Stored items from a collection:
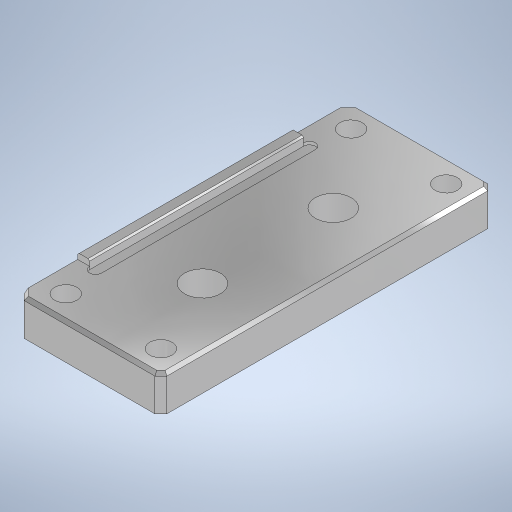
# Autodesk Inventor part: Base - Stationary
Saved by Autodesk Inventor 2023.2 (Build 272271000, 271)
## iProperties
Created: 2024-03-01
Part Number: Base - Stationary
Material: Aluminum 6061
Document SubType Name: Modeling
Designer: Nathan Cai
Density: 2.7 g/cm^3
Appearance: Aluminum - Flat
Author: Nathan Cai
Autodesk Inventor part; units mm, degrees
ref_plane "YZ Plane" through (0, 0, 0) normal (1, 0, 0) x (0, 1, 0)
ref_plane "XZ Plane" through (0, 0, 0) normal (0, 1, 0) x (-1, 0, 0)
ref_plane "XY Plane" through (0, 0, 0) normal (0, 0, 1) x (1, 0, 0)
sketch "Sketch1" plane through (0, 0, 0) normal (0, 1, 0) x (-1, 0, 0)
  line L0 (19.05, 44.45) -> (-19.05, 44.45)
  line L1 (-19.05, 44.45) -> (-19.05, -44.45)
  line L2 (-19.05, -44.45) -> (19.05, -44.45)
  line L3 (19.05, -44.45) -> (19.05, 44.45)
  line L4 (19.05, 44.45) -> (-19.05, -44.45) construction
  line L5 (-19.05, 44.45) -> (19.05, -44.45) construction
  line L6 (19.05, 0) -> (-19.05, 0) construction
  line L7 (0, 44.45) -> (0, -44.45) construction
  line L8 (19.05, 38.1) -> (-19.05, 38.1) construction
  circle A0 centre (-12.7, 38.1) radius 3
  circle A1 centre (12.7, 38.1) radius 3
  circle A2 centre (-12.7, -38.1) radius 3
  circle A3 centre (12.7, -38.1) radius 3
  line L9 (-19.05, -17.4625) -> (19.05, -17.4625) construction
  circle A4 centre (-3.175, -17.4625) radius 4.7942
  line L10 (-19.05, 17.4625) -> (19.05, 17.4625) construction
  circle A5 centre (-3.175, 17.4625) radius 4.7942
  point P0 (0, 0)
  dimension "d0" = 38.1
  dimension "d1" = 88.9
  dimension "d2" = 6.35
  dimension "d3" = 6
  dimension "d4" = 6.35
  dimension "d7" = 25.4
  dimension "d10" = 76.2
  dimension "d33" = 26.9875
  dimension "d34" = 9.5885
  dimension "d35" = 15.875
  constraints: 22 end point, 7 point on line, 6 centre point, 6 midpoint, 3 perpendicular, 3 symmetric about line, 2 horizontal, 2 parallel, 1 vertical, 7 other
  measures "d0" distance of L2.end L1.end
  measures "d1" distance between parallel lines of L2 L0
  measures "d2" distance between parallel lines of L0 L8
  measures "d3" diameter of A0
  measures "d4" distance from line of L1 A0.centre
  measures "d7" distance of A0.centre A1.centre
  measures "d10" distance of A0.centre A2.centre
  measures "d33" distance between parallel lines of L2 L9
  measures "d34" diameter of A4
  measures "d35" distance from line of L1 A4.centre
extrude "Extrusion1" add sketch "Sketch1" along normal blind 9.525
sketch "Sketch2" plane through (0, 9.525, 0) normal (0, 1, 0) x (1, 0, 0)
  line L0 (-19.05, 44.45) -> (-19.05, -44.45) projected
  line L1 (-19.05, 0) -> (19.05, 0) construction
  line L2 (19.05, -44.45) -> (19.05, 44.45) projected
  line L3 (-19.05, -28.575) -> (-15.875, -28.575)
  line L4 (-15.875, -28.575) -> (-15.875, 28.575)
  line L5 (-15.875, 28.575) -> (-19.05, 28.575)
  line L6 (-19.05, 28.575) -> (-19.05, -28.575)
  line L7 (-19.05, -28.575) -> (-15.875, 28.575) construction
  line L8 (-15.875, -28.575) -> (-19.05, 28.575) construction
  point P0 (0, 0)
  point P1 (-17.4625, 0)
  dimension "d15" = 3.175
  dimension "d16" = 57.15
  dimension "d36" = 0
  constraints: 14 end point, 4 midpoint, 2 parallel, 1 horizontal, 1 perpendicular, 1 point on line
  measures "d15" distance of L5.end L4.end
  measures "d16" distance of L4.end L3.end
  measures "d36" distance between parallel lines of L0 L6
extrude "Extrusion2" add sketch "Sketch2" along normal blind 1.5875
chamfer "Chamfer1" distance 1.5875 angle 45 4 edges at (-19.05, 4.7625, -44.45) (-19.05, 4.7625, 44.45) (19.05, 4.7625, 44.45) (19.05, 4.7625, -44.45)
chamfer "Chamfer2" distance 0.3969 angle 45 2 edges at (-19.05, 11.1125, 0) (-15.875, 11.1125, 0)
chamfer "Chamfer3" distance 0.7937 angle 45 7 edges at (0, 9.525, -44.45) (18.2562, 9.525, -43.6562) (-18.2563, 9.525, -43.6562) (-18.2562, 9.525, 43.6562) (0, 9.525, 44.45) (18.2562, 9.525, 43.6562) (19.05, 9.525, 0)
sketch "Sketch3" plane through (0, 9.525, 0) normal (0, 1, 0) x (1, 0, 0)
  line L0 (-19.05, 42.8625) -> (-19.05, -42.8625) projected
  line L1 (-19.05, 0) -> (19.05, 0) construction
  line L2 (19.05, -42.8625) -> (19.05, 42.8625) projected
  line L3 (-14.2875, -28.575) -> (-14.2875, 28.575) construction
  line L4 (-12.7, -28.575) -> (-12.7, 28.575)
  line L5 (-15.875, 28.575) -> (-15.875, -28.575)
  arc A0 (-15.875, -28.575) -> (-12.7, -28.575) centre (-14.2875, -28.575) ccw
  arc A1 (-12.7, 28.575) -> (-15.875, 28.575) centre (-14.2875, 28.575) ccw
  point P0 (0, 0)
  point P1 (-14.2875, 0)
  dimension "d30" = 3.175
  constraints: 11 end point, 4 point on circle, 4 tangent, 3 midpoint, 2 centre point, 1 parallel, 1 perpendicular, 1 point on line
  measures "d30" diameter of A1
extrude "Extrusion3" cut sketch "Sketch3" against normal blind 0.7937
body "Solid1"

Problem details: Above are the entries. Quote exactly the lines from the one bearing "Designer: Nathan Cai" through the one bearing "line L1 (-19.05, 44.45) -> (-19.05, -44.45)".

Solution to the problem:
Designer: Nathan Cai
Density: 2.7 g/cm^3
Appearance: Aluminum - Flat
Author: Nathan Cai
Autodesk Inventor part; units mm, degrees
ref_plane "YZ Plane" through (0, 0, 0) normal (1, 0, 0) x (0, 1, 0)
ref_plane "XZ Plane" through (0, 0, 0) normal (0, 1, 0) x (-1, 0, 0)
ref_plane "XY Plane" through (0, 0, 0) normal (0, 0, 1) x (1, 0, 0)
sketch "Sketch1" plane through (0, 0, 0) normal (0, 1, 0) x (-1, 0, 0)
  line L0 (19.05, 44.45) -> (-19.05, 44.45)
  line L1 (-19.05, 44.45) -> (-19.05, -44.45)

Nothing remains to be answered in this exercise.